**What is expected**
Reproduce the records below exactly as they appear, omitting any pictures they contain.

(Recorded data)
# # #
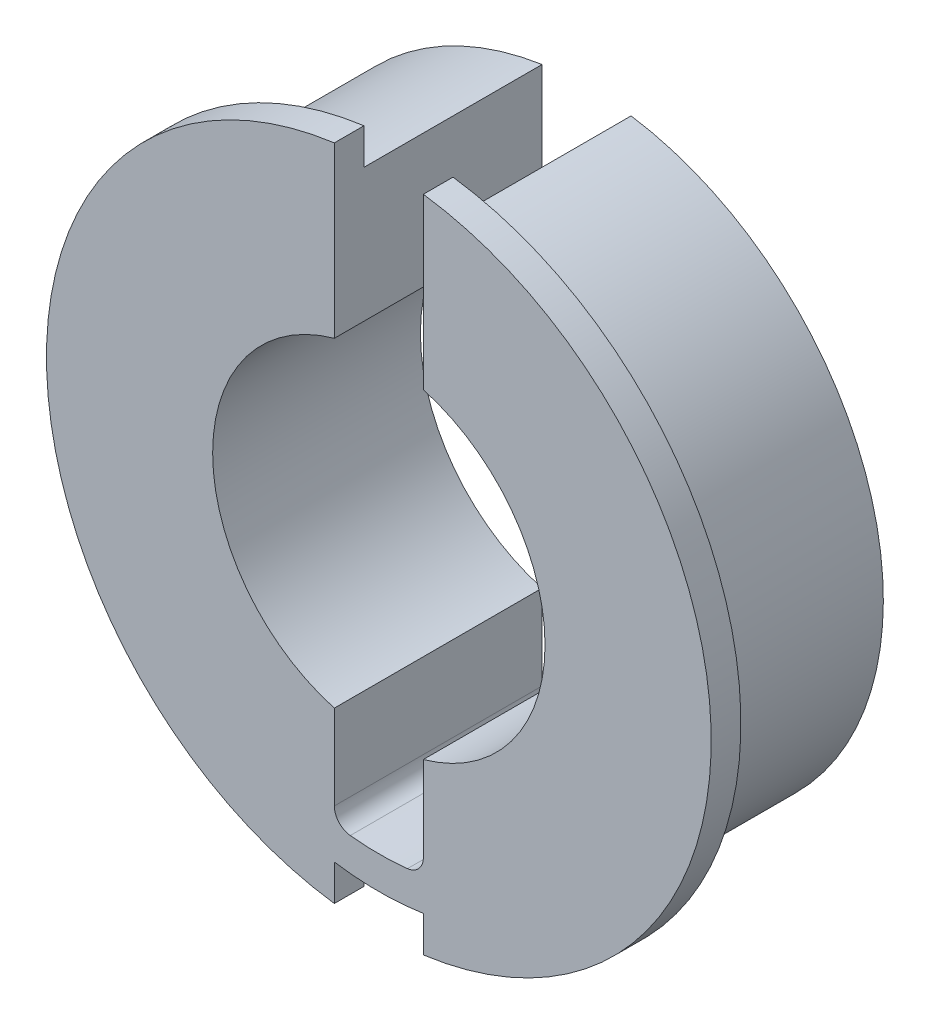
SolidWorks part; units mm, degrees
ref_plane "Front Plane" through (0, 0, 0) normal (0, 0, 1) x (1, 0, 0)
ref_plane "Top Plane" through (0, 0, 0) normal (0, 1, 0) x (1, 0, 0)
ref_plane "Right Plane" through (0, 0, 0) normal (1, 0, 0) x (0, 0, -1)
sketch "Sketch1" plane through (0, 0, 0) normal (0, 0, 1) x (1, 0, 0)
  circle A0 centre (0, 0) radius 12.7
  circle A1 centre (0, 0) radius 7.112
  dimension "D1" = 25.4
  dimension "D2" = 14.224
extrude "Boss-Extrude1" add sketch "Sketch1" along normal blind 7.62
sketch "Sketch2" plane through (0, 0, 7.62) normal (0, 0, 1) x (1, 0, 0)
  circle A0 centre (0, 0) radius 7.112
  circle A3 centre (0, 0) radius 7.112 construction
  circle A4 centre (0, 0) radius 14.224
  circle A5 centre (0, 0) radius 14.224
  dimension "D1" = 1.524
extrude "Boss-Extrude2" add sketch "Sketch2" along normal blind 1.27
sketch "Sketch3" plane through (0, 0, 0) normal (0, 0, -1) x (-1, 0, 0)
  line L0 (0, 0) -> (0, 14.224) construction
  line L1 (-1.905, 14.224) -> (1.905, 14.224)
  line L2 (1.905, 14.224) -> (1.905, -11.1413)
  line L3 (-1.905, 14.224) -> (-1.905, -11.1413)
  line L4 (0, -11.303) -> (0, 0) construction
  circle A0 centre (0, 0) radius 14.224 construction
  arc A3 (-1.905, -11.1413) -> (1.905, -11.1413) centre (0, 0) ccw
  circle A4 centre (0, 0) radius 11.303
  circle A5 centre (0, 0) radius 11.303 construction
  dimension "D1" = 3.81
  dimension "D2" = 1.397
extrude "Cut-Extrude1" cut sketch "Sketch3" against normal through all
sketch "Sketch4" plane through (0, 0, 7.62) normal (0, 0, -1) x (-1, 0, 0)
  line L0 (-1.905, -14.224) -> (-1.905, -12.5563)
  line L1 (1.905, -12.5563) -> (1.905, -14.224)
  line L2 (-1.905, -6.8521) -> (-1.905, -11.1413) construction
  line L3 (1.905, -11.1413) -> (1.905, -6.8521) construction
  line L4 (-1.905, -14.224) -> (1.905, -14.224)
  arc A0 (-1.905, 12.5563) -> (1.905, 12.5563) centre (0, 0) ccw construction
  arc A1 (-1.905, 14.0959) -> (1.905, 14.0959) centre (0, 0) ccw construction
  arc A2 (-1.905, -12.5563) -> (1.905, -12.5563) centre (0, 0) ccw
extrude "Cut-Extrude2" cut sketch "Sketch4" against normal through all
fillet "Fillet1" radius 0.762 2 edges at (-1.905, -11.1413, 4.445) (1.905, -11.1413, 4.445)
# # #
**Written response**
SolidWorks part; units mm, degrees
ref_plane "Front Plane" through (0, 0, 0) normal (0, 0, 1) x (1, 0, 0)
ref_plane "Top Plane" through (0, 0, 0) normal (0, 1, 0) x (1, 0, 0)
ref_plane "Right Plane" through (0, 0, 0) normal (1, 0, 0) x (0, 0, -1)
sketch "Sketch1" plane through (0, 0, 0) normal (0, 0, 1) x (1, 0, 0)
  circle A0 centre (0, 0) radius 12.7
  circle A1 centre (0, 0) radius 7.112
  dimension "D1" = 25.4
  dimension "D2" = 14.224
extrude "Boss-Extrude1" add sketch "Sketch1" along normal blind 7.62
sketch "Sketch2" plane through (0, 0, 7.62) normal (0, 0, 1) x (1, 0, 0)
  circle A0 centre (0, 0) radius 7.112
  circle A3 centre (0, 0) radius 7.112 construction
  circle A4 centre (0, 0) radius 14.224
  circle A5 centre (0, 0) radius 14.224
  dimension "D1" = 1.524
extrude "Boss-Extrude2" add sketch "Sketch2" along normal blind 1.27
sketch "Sketch3" plane through (0, 0, 0) normal (0, 0, -1) x (-1, 0, 0)
  line L0 (0, 0) -> (0, 14.224) construction
  line L1 (-1.905, 14.224) -> (1.905, 14.224)
  line L2 (1.905, 14.224) -> (1.905, -11.1413)
  line L3 (-1.905, 14.224) -> (-1.905, -11.1413)
  line L4 (0, -11.303) -> (0, 0) construction
  circle A0 centre (0, 0) radius 14.224 construction
  arc A3 (-1.905, -11.1413) -> (1.905, -11.1413) centre (0, 0) ccw
  circle A4 centre (0, 0) radius 11.303
  circle A5 centre (0, 0) radius 11.303 construction
  dimension "D1" = 3.81
  dimension "D2" = 1.397
extrude "Cut-Extrude1" cut sketch "Sketch3" against normal through all
sketch "Sketch4" plane through (0, 0, 7.62) normal (0, 0, -1) x (-1, 0, 0)
  line L0 (-1.905, -14.224) -> (-1.905, -12.5563)
  line L1 (1.905, -12.5563) -> (1.905, -14.224)
  line L2 (-1.905, -6.8521) -> (-1.905, -11.1413) construction
  line L3 (1.905, -11.1413) -> (1.905, -6.8521) construction
  line L4 (-1.905, -14.224) -> (1.905, -14.224)
  arc A0 (-1.905, 12.5563) -> (1.905, 12.5563) centre (0, 0) ccw construction
  arc A1 (-1.905, 14.0959) -> (1.905, 14.0959) centre (0, 0) ccw construction
  arc A2 (-1.905, -12.5563) -> (1.905, -12.5563) centre (0, 0) ccw
extrude "Cut-Extrude2" cut sketch "Sketch4" against normal through all
fillet "Fillet1" radius 0.762 2 edges at (-1.905, -11.1413, 4.445) (1.905, -11.1413, 4.445)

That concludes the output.